If you have an AC voltage that’s riding on top of a DC component, the RMS value still delivers. in that case, the squared DC component adds up n times before dividing by n again, and you get something like this: , where v is just the pure AC voltage.

Tommelfingerregler

One place you’ll see RMS voltages is in mains power. Indeed, the 120 V in the us (or 230 V in the EU) coming out of your walls right now is an RMS figure. For sine waves, like what you get from the electrical company, the peak voltage is a factor of sqrt(2) higher than the RMS voltage. The peak voltage in the states is something like 120 V * sqrt(2) = 170 V, and the peak-to-peak is 340 V. That’s 650 V peak-to-peak in Europe; yikes!

This also means that if you’re lacking an RMS meter and need a quick-and-dirty estimate of something that’s sine-wave-like, you can take the amplitude and divide by 1.414, or take the peak-to-peak and divide by twice that.

Another waveform you mJeg er opmærksom på, at den PWM’ed Square Wave, som vi ofte bruger til at køre motorer fra mikrocontrollere. Det er klart, at hvis du skifter mellem nulvolt og tolv volt, leverer den kun strøm til motoren, når den er på tolv volt. Tilsvarende vil du ikke blive overrasket over at høre, at rms spænding af en PWM Waveform er den firkantede rod af pligtcyklusen gange spændingen.
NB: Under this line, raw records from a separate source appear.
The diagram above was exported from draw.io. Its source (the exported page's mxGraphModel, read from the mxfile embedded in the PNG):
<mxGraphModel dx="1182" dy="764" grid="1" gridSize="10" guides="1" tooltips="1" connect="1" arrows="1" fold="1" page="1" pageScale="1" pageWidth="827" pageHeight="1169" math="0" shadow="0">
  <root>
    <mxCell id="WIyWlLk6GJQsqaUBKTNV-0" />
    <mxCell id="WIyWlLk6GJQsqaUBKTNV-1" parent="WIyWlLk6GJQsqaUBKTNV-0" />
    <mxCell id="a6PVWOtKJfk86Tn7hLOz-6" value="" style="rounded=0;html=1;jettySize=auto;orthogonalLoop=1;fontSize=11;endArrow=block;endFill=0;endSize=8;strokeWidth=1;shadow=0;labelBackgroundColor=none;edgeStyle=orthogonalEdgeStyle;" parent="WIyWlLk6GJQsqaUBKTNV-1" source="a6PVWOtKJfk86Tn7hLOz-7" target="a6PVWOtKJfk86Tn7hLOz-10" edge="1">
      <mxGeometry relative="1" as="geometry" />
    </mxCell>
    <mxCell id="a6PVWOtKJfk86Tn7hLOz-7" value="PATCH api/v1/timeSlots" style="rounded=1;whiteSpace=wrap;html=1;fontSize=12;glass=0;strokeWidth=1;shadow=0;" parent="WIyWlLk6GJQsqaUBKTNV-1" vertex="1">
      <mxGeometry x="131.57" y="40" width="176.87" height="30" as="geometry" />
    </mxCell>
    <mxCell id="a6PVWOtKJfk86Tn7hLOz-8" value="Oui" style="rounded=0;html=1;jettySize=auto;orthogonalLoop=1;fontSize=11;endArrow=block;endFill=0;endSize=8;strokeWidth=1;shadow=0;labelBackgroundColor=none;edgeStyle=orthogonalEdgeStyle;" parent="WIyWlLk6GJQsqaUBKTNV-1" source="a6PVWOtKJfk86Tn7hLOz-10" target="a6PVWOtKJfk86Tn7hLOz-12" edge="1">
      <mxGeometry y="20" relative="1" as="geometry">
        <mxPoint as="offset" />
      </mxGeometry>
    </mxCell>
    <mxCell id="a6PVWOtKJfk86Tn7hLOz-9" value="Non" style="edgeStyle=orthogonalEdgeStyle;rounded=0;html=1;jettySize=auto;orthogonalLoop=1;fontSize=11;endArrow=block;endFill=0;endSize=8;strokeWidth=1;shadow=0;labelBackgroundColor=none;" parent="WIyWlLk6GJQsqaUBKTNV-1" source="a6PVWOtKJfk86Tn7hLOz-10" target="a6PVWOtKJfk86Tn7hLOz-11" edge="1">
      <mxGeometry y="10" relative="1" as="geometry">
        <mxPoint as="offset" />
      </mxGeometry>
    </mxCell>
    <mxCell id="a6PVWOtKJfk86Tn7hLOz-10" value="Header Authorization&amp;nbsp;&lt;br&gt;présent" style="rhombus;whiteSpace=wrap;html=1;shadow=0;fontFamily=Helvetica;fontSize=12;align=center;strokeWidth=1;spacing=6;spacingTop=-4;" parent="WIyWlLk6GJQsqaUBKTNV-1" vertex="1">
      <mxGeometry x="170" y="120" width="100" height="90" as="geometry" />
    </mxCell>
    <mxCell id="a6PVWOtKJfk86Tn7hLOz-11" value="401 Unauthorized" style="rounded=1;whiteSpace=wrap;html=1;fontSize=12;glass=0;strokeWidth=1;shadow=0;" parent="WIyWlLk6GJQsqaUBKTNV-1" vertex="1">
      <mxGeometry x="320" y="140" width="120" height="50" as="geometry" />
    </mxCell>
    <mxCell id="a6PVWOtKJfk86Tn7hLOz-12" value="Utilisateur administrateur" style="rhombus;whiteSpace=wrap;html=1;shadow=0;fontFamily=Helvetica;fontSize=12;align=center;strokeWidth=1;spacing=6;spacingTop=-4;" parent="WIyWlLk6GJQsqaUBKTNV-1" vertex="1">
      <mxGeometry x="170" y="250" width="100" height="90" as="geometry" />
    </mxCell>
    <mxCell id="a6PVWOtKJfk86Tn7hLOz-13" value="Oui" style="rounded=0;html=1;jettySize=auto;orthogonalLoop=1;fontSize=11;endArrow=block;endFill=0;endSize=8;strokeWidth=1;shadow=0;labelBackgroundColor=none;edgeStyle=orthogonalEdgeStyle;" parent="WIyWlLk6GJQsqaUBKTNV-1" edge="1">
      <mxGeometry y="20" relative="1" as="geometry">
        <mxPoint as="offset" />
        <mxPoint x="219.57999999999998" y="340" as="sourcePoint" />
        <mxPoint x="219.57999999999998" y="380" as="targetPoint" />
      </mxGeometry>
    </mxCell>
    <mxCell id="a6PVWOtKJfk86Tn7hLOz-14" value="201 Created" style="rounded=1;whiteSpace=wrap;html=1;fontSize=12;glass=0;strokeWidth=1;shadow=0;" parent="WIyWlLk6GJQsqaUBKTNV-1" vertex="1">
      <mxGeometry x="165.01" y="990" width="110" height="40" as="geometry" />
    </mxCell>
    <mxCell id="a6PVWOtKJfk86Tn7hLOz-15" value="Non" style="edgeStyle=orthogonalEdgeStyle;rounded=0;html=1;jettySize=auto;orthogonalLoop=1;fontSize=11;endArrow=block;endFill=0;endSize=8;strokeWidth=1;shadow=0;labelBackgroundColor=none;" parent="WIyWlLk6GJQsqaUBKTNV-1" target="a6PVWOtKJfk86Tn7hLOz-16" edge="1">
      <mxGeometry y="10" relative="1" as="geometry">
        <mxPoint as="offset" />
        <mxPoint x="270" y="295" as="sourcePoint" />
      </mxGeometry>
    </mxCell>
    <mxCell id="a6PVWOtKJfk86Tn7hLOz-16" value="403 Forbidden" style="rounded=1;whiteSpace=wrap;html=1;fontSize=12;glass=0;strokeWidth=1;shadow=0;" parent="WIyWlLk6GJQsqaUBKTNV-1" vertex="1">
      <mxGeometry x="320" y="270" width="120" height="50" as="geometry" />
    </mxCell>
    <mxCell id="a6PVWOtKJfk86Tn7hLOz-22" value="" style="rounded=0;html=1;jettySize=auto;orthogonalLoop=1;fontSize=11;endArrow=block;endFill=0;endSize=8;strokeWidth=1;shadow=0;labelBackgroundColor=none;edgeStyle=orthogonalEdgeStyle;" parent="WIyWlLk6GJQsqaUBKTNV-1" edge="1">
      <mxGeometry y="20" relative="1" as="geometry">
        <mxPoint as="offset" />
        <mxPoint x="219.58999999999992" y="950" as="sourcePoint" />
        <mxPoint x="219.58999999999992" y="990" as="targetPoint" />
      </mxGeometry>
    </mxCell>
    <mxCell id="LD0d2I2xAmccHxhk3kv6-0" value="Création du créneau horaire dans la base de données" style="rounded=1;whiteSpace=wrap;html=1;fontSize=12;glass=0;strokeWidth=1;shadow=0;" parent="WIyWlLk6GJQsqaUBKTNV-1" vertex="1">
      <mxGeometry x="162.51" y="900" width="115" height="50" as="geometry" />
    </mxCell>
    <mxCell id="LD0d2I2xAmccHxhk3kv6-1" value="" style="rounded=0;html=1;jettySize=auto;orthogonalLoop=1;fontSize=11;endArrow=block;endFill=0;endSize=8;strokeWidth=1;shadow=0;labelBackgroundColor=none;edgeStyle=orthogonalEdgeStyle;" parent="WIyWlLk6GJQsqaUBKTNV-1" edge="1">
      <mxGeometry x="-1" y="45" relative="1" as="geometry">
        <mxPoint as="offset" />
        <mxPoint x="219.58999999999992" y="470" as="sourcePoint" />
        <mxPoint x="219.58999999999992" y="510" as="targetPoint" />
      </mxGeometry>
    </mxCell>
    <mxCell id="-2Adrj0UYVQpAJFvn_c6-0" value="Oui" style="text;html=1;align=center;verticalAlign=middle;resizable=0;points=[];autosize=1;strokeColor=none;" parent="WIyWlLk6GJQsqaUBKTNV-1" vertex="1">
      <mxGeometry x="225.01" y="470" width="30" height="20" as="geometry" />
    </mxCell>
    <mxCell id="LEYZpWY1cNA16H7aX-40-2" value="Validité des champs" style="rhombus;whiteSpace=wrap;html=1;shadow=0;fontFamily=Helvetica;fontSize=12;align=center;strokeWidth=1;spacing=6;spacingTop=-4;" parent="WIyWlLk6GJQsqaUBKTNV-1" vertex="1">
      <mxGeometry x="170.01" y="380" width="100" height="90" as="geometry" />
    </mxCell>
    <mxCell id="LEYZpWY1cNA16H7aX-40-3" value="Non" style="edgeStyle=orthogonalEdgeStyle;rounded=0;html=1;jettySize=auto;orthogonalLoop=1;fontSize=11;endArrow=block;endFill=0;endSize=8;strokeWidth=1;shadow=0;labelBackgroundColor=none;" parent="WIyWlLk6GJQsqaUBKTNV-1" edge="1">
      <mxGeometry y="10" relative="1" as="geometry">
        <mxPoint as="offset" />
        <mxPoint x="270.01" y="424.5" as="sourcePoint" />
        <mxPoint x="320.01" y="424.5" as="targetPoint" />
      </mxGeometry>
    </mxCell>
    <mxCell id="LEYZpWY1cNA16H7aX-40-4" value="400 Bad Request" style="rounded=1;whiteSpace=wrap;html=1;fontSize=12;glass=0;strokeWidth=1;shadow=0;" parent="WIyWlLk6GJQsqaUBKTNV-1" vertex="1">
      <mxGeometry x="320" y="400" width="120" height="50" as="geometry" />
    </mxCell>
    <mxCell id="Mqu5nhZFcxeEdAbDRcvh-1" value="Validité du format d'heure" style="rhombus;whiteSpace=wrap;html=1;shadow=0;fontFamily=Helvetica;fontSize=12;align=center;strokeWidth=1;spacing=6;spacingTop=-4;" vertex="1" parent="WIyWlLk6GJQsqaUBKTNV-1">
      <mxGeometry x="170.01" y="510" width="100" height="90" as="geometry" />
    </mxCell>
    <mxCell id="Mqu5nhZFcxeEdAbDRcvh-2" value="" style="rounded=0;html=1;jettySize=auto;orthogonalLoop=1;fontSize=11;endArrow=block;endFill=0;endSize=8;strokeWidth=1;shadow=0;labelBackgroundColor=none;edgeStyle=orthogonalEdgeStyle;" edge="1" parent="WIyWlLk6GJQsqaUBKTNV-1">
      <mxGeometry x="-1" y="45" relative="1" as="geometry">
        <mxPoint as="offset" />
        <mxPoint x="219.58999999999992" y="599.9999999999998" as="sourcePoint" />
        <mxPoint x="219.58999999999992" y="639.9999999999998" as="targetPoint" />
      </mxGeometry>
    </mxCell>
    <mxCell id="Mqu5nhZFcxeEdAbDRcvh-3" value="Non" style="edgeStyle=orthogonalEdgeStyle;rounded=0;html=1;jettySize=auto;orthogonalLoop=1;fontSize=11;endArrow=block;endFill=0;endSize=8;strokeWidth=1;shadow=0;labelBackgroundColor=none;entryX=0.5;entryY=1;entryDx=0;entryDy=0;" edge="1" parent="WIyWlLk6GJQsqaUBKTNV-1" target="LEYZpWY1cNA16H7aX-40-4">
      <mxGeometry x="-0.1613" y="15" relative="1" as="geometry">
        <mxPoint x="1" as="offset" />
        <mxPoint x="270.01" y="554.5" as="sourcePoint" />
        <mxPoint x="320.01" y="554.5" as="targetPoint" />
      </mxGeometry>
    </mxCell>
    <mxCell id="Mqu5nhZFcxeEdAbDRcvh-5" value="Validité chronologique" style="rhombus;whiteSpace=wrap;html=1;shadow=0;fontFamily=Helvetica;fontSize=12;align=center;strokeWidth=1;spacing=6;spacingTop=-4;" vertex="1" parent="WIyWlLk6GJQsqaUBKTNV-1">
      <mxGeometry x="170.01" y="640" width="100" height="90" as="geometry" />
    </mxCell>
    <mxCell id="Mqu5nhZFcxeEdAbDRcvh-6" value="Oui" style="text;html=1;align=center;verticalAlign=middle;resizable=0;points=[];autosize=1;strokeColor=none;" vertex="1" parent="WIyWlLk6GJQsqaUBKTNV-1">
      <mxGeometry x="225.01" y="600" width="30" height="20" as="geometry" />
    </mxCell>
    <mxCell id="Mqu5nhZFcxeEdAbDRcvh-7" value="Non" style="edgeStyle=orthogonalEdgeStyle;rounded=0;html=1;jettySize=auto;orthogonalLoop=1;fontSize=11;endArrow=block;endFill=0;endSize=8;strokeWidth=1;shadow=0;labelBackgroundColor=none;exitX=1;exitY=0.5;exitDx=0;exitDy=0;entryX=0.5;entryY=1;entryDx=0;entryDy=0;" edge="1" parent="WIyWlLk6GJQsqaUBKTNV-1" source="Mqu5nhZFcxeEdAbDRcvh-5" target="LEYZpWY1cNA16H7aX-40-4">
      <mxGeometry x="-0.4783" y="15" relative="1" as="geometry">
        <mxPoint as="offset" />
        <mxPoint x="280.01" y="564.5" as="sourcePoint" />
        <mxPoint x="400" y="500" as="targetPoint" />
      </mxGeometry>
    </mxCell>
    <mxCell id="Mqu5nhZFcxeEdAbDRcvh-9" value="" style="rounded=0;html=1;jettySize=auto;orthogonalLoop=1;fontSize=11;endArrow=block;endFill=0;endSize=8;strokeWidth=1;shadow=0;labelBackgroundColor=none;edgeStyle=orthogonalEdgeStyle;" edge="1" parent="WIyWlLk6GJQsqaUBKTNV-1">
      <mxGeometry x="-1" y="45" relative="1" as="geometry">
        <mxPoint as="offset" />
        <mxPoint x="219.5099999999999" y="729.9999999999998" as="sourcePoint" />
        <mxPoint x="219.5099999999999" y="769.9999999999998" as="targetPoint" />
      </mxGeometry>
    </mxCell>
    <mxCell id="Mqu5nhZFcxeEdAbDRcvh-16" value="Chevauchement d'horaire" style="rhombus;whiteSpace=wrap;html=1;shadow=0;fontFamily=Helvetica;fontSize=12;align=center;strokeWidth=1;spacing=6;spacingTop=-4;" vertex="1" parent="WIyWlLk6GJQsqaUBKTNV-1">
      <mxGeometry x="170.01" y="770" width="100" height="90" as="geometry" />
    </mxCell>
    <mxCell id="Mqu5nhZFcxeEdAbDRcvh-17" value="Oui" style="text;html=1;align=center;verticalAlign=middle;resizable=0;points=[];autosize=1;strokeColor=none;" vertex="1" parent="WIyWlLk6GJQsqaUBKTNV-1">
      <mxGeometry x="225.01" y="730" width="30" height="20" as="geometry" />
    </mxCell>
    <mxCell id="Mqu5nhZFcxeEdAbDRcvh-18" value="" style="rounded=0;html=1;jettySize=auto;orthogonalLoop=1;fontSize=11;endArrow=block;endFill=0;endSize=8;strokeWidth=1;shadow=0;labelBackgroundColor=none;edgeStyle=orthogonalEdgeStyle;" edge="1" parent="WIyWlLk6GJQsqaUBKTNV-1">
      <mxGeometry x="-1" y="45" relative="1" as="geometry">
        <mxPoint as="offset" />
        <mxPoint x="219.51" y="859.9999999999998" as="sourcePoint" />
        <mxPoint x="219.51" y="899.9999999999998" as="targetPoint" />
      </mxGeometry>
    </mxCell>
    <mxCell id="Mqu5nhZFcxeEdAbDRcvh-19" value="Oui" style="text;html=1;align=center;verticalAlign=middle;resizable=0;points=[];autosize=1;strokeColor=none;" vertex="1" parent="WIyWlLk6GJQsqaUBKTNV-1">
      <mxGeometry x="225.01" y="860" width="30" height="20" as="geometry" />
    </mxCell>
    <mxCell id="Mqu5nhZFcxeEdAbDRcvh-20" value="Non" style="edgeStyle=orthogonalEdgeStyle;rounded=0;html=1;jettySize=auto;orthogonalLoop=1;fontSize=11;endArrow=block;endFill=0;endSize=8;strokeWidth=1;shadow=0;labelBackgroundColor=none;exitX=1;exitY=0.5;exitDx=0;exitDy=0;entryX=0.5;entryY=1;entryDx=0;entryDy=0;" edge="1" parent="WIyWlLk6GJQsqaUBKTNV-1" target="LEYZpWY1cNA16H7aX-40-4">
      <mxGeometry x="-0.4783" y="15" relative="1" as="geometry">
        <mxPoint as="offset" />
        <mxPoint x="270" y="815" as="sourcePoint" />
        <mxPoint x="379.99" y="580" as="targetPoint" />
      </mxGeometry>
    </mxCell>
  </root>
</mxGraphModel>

Wikipedia har du dækket af trekantbølger og andre sjove bølgeformer.

Rms overalt

Det viser sig, at du ofte er bekymret for kvadratiske mængder. Kinetisk energi er proportional med hastighed kvadreret, for eksempel så RMS hastighed anvendes til beregning af temperatur fra den gennemsnitlige hastighed af molekyler i en gas. Hvis du har en måleprocedure, der kan være i gennemsnit, men du er bekymret for spredningen af ​​resultaterne, kan du måske lide at minimere RMS-fejl. Statistikens koncept for standardafvigelse er ens, med den gennemsnitlige værdi subtraheret på forhånd.

Du beregner endda hypotenuse af en trekant efter samme procedure, bare uden at dividere med n. (Ok, det er en strækning, men firkantede rødder af summer af firkanter er overalt!) Jeg vil forlade det til de matematiske filosoffer blandt jer at duke det ud i kommentarerne om, hvorfor L2-normen virker så ofte. For de elektriske hackere derude er det nok at huske Ohms lov begrundelse: Når du er interesseret i magt, er du interesseret i firkanter.